(Collected data entries)
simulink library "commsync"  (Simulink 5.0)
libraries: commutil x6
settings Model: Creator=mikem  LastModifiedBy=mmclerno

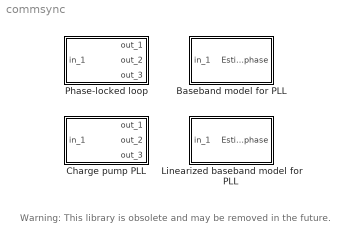
== system commsync ==
  note: Warning:  This library is obsolete and may be
      | removed in the future.
  Baseband model for PLL : Subsystem  mask(Baseband PLL model){Fn=[3.0002,  0, 40002], Fd=[1, 67.46, 2270.9, 40002], Ac=1, G=2}
      mask prompts: Fn "Lowpass filter numerator:"; Fd "Lowpass filter denominator:"; Ac "Oscillation amplitude:"; G "Gain at the output:"
      mask help: Output the phase shifting of the input signal from the oscillation frequency.
      mask init:
      | pi2=2*pi;Kc=Ac/2;
      mask Help: this block is used to detect the phase shifting of the input signal. The input to this block is an oscillation signal with possible phase shifting. The block detects the phase shifting value using the PLL technique. Design the lowpass filter to pass the phase changing signal and to eliminate the oscillation signal.
      mask Display: disp('Baseband\nPLL')
  Charge pump PLL : Subsystem  mask(Charge pump PLL){Fn=[3.0002,  0, 40002], Fd=[1, 67.46, 2270.9, 40002], Fc=100/2/pi, Ph=pi, Ac=1, G=3}
      mask prompts: Fn "Lowpass filter numerator:"; Fd "Lowpass filter Denominator:"; Fc "Oscillation frequency (Hz):"; Ph "Oscillation Phase (rad):"; Ac "Oscillation Amplitude:"; G "Gain at the output:"
      mask help: Output the phase shifting signal at 1st port; the detected phase error at 2nd port; VOC output at 3rd port.
      mask init:
      | Cu=1;
      mask Help: This block uses a digital charge pump to detect the phase shifting from the oscillation signal. The first output is the detected phase shift. The second output is the detected phase error output from phase detector. The third output is the matching signal for the input. Note a 180 degree phase difference between the input signal and the matching signal.
      mask Display: disp('Charge\npump\nPLL')
  Linearized baseband model for PLL : Subsystem  mask(Linearized baseband PLL model){Fn=[3.0002,  0, 40002], Fd=[1, 67.46, 2270.9, 40002], Ac=1, G=2}
      mask prompts: Fn "Lowpass filter numerator:"; Fd "Lowpass filter denominator:"; Ac "Oscillation amplitude:"; G "Gain at the output:"
      mask help: Output the phase shifting of the input signal from the oscillation frequency.
      mask init:
      | pi2=2*pi;Kc=Ac/2;
      mask Help: This block detects the phase shifting of the input signal. The input to this block is an oscillation signal with possible phase shifting. The block detects the phase shifting value using PLL technique. Design the lowpass filter to pass the phase changing signal and to eliminate the oscillation signal.
      mask Display: disp('Linearized\nbaseband\nPLL')
  Phase-locked loop : Subsystem  mask(Simple form PLL){Fn=[3.0002,  0, 40002], Fd=[1, 67.46, 2270.9, 40002], Fc=100/2/pi, Ph=pi/2, Ac=1, G=2}
      mask prompts: Fn "Lowpass filter numerator:"; Fd "Lowpass filter denominator:"; Fc "Oscillation frequency:"; Ph "Oscillation Phase:"; Ac "Oscillation Amplitude:"; G "Gain at the output:"
      mask help: Output the phase shifting signal at 1st port; the detected phase error at 2nd port; VOC output at 3rd port.
      mask Help: This block detects the phase shifting of the input signal. This block uses a multiplier phase detector. The first output is the detected phase shift. The second output is the detected phase error output from phase detector. The third output is the matching signal for the input. Note a 180 degree phase difference between the input signal and the matching signal.
      mask Display: disp('PLL')

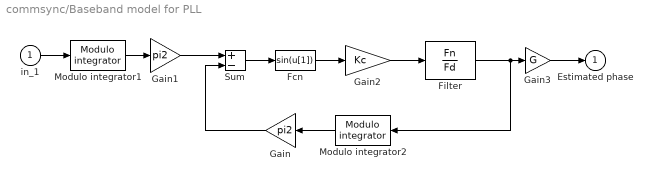
== system commsync/Baseband model for PLL ==
  in_1 : Inport
  Fcn : Fcn
  Filter : TransferFcn  Numerator=Fn  Denominator=Fd
  Gain : Gain  Orientation=left  Gain=pi2  SaturateOnIntegerOverflow=on
  Gain1 : Gain  Gain=pi2  SaturateOnIntegerOverflow=on
  Gain2 : Gain  Gain=Kc  SaturateOnIntegerOverflow=on
  Gain3 : Gain  Gain=G  SaturateOnIntegerOverflow=on
  Modulo integrator1 : commutil/Modulo integrator  modu=1  init=0
  Modulo integrator2 : commutil/Modulo integrator  Orientation=left  modu=1  init=0
  Sum : Sum  Inputs=+-  SaturateOnIntegerOverflow=on  InputSameDT=on
  Estimated phase : Outport  InitialOutput=0
  wires:
  in_1/1 -> Modulo integrator1/1
  Fcn/1 -> Gain2/1
  Sum/1 -> Fcn/1
  Filter/1 -> Modulo integrator2/1, Gain3/1
  Modulo integrator2/1 -> Gain/1
  Modulo integrator1/1 -> Gain1/1
  Gain3/1 -> Estimated phase/1
  Gain2/1 -> Filter/1
  Gain1/1 -> Sum/1
  Gain/1 -> Sum/2

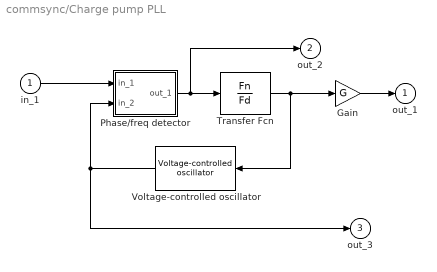
== system commsync/Charge pump PLL ==
  in_1 : Inport
  Gain : Gain  Gain=G  SaturateOnIntegerOverflow=on
  Phase/freq detector : Subsystem  mask(Phase Detector){@1=-sqrt(eps), @2=Cu}
      mask prompts: @1 "Cross zero line threshold:"; @2 "Charge pump current:"
      mask help: Phase detector:
      mask init:
      | Thre=@1;Cu=@2;lo=[0 0;0 1;1 0;1 0;0 1;0 1;0 0;0 0;1 0;0 0;1 0;0 0;1 0;0 0;0 0;0 0];
      mask Display: disp('Phase\nfrequency\ndetector')
  Transfer Fcn : TransferFcn  Numerator=Fn  Denominator=Fd
  Voltage-controlled oscillator : commutil/Voltage-controlled oscillator  Orientation=left  Ac=Ac  Fc=Fc  Kc=1  Ph=Ph
  out_1 : Outport  InitialOutput=0
  out_2 : Outport  Port=2  InitialOutput=0
  out_3 : Outport  Port=3  InitialOutput=0
  wires:
  Transfer Fcn/1 -> Gain/1, Voltage-controlled oscillator/1
  Gain/1 -> out_1/1
  in_1/1 -> Phase/freq detector/1(in_1)
  Voltage-controlled oscillator/1 -> Phase/freq detector/2(in_2), out_3/1
  Phase/freq detector/1(out_1) -> Transfer Fcn/1, out_2/1

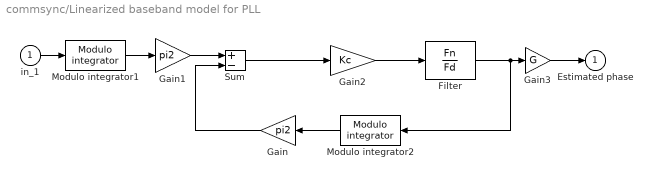
== system commsync/Linearized baseband model for PLL ==
  in_1 : Inport
  Filter : TransferFcn  Numerator=Fn  Denominator=Fd
  Gain : Gain  Orientation=left  Gain=pi2  SaturateOnIntegerOverflow=on
  Gain1 : Gain  Gain=pi2  SaturateOnIntegerOverflow=on
  Gain2 : Gain  Gain=Kc  SaturateOnIntegerOverflow=on
  Gain3 : Gain  Gain=G  SaturateOnIntegerOverflow=on
  Modulo integrator1 : commutil/Modulo integrator  modu=1  init=0
  Modulo integrator2 : commutil/Modulo integrator  Orientation=left  modu=1  init=0
  Sum : Sum  Inputs=+-  SaturateOnIntegerOverflow=on  InputSameDT=on
  Estimated phase : Outport  InitialOutput=0
  wires:
  in_1/1 -> Modulo integrator1/1
  Gain/1 -> Sum/2
  Gain1/1 -> Sum/1
  Gain2/1 -> Filter/1
  Gain3/1 -> Estimated phase/1
  Modulo integrator1/1 -> Gain1/1
  Modulo integrator2/1 -> Gain/1
  Filter/1 -> Modulo integrator2/1, Gain3/1
  Sum/1 -> Gain2/1

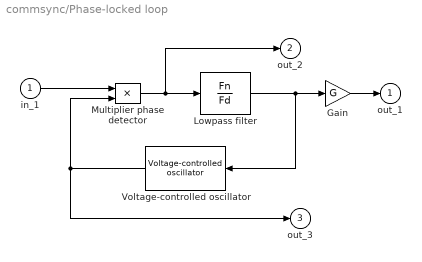
== system commsync/Phase-locked loop ==
  in_1 : Inport
  Gain : Gain  Gain=G  SaturateOnIntegerOverflow=on
  Lowpass filter : TransferFcn  Numerator=Fn  Denominator=Fd
  Multiplier phase detector : Product  SaturateOnIntegerOverflow=on  InputSameDT=on
  Voltage-controlled oscillator : commutil/Voltage-controlled oscillator  Orientation=left  Ac=Ac  Fc=Fc  Kc=1  Ph=Ph
  out_1 : Outport  InitialOutput=0
  out_2 : Outport  Port=2  InitialOutput=0
  out_3 : Outport  Port=3  InitialOutput=0
  wires:
  Gain/1 -> out_1/1
  Lowpass filter/1 -> Voltage-controlled oscillator/1, Gain/1
  in_1/1 -> Multiplier phase detector/1
  Multiplier phase detector/1 -> Lowpass filter/1, out_2/1
  Voltage-controlled oscillator/1 -> Multiplier phase detector/2, out_3/1

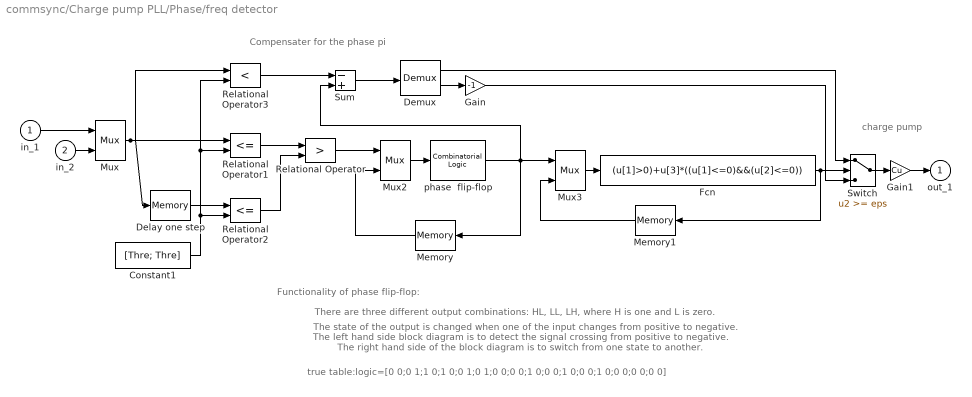
== system commsync/Charge pump PLL/Phase/freq detector ==
  note: Compensater for the phase pi
  note: charge pump
  note: Functionality of phase flip-flop:
  note: The left hand side block diagram is to detect the signal crossing from positive to negative.
      | The right hand side of the block diagram is to switch from one state to another.
  note: The state of the output is changed when one of the input changes from positive to negative.
  note: There are three different output combinations: HL, LL, LH, where H is one and L is zero.
  note: true table:logic=[0 0;0 1;1 0;1 0;0 1;0 1;0 0;0 0;1 0;0 0;1 0;0 0;1 0;0 0;0 0;0 0]
  in_1 : Inport
  in_2 : Inport  Port=2
  Constant1 : Constant  Value=[Thre; Thre]
  Delay one step : Memory
  Demux : Demux  Outputs=2
  Fcn : Fcn  Expr=(u[1]>0)+u[3]*((u[1]<=0)&&(u[2]<=0))
  Gain : Gain  Gain=-1  SaturateOnIntegerOverflow=on
  Gain1 : Gain  Gain=Cu  SaturateOnIntegerOverflow=on
  Memory : Memory  Orientation=left
  Memory1 : Memory  Orientation=left
  Mux : Mux  Inputs=2
  Mux2 : Mux  Inputs=[2 2]
  Mux3 : Mux  Inputs=[2 1]
  Relational Operator : RelationalOperator  Operator=>  InputSameDT=on
  Relational Operator1 : RelationalOperator  Operator=<=  InputSameDT=on
  Relational Operator2 : RelationalOperator  Operator=<=  InputSameDT=on
  Relational Operator3 : RelationalOperator  Operator=<  InputSameDT=on
  Sum : Sum  Inputs=-+  SaturateOnIntegerOverflow=on  InputSameDT=on
  Switch : Switch  Threshold=eps  SaturateOnIntegerOverflow=on  InputSameDT=on
  phase  flip-flop : CombinatorialLogic  TruthTable=lo
  out_1 : Outport  InitialOutput=0
  wires:
  Switch/1 -> Gain1/1
  Demux/1 -> Switch/1
  Gain/1 -> Switch/3
  Demux/2 -> Gain/1
  Sum/1 -> Demux/1
  phase  flip-flop/1 -> Memory/1, Mux3/1, Sum/2
  Relational Operator3/1 -> Sum/1
  Fcn/1 -> Switch/2, Memory1/1
  Mux3/1 -> Fcn/1
  Memory1/1 -> Mux3/2
  Constant1/1 -> Relational Operator2/2, Relational Operator3/2, Relational Operator1/2
  Mux/1 -> Relational Operator3/1, Delay one step/1, Relational Operator1/1
  Memory/1 -> Mux2/2
  Gain1/1 -> out_1/1
  Relational Operator2/1 -> Relational Operator/2
  Relational Operator1/1 -> Relational Operator/1
  Delay one step/1 -> Relational Operator2/1
  Mux2/1 -> phase  flip-flop/1
  Relational Operator/1 -> Mux2/1
  in_2/1 -> Mux/2
  in_1/1 -> Mux/1

Task item:
Read the lines above. Gather those in which the string "loop" is found.

Exercise response:
  Phase-locked loop : Subsystem  mask(Simple form PLL){Fn=[3.0002,  0, 40002], Fd=[1, 67.46, 2270.9, 40002], Fc=100/2/pi, Ph=pi/2, Ac=1, G=2}
== system commsync/Phase-locked loop ==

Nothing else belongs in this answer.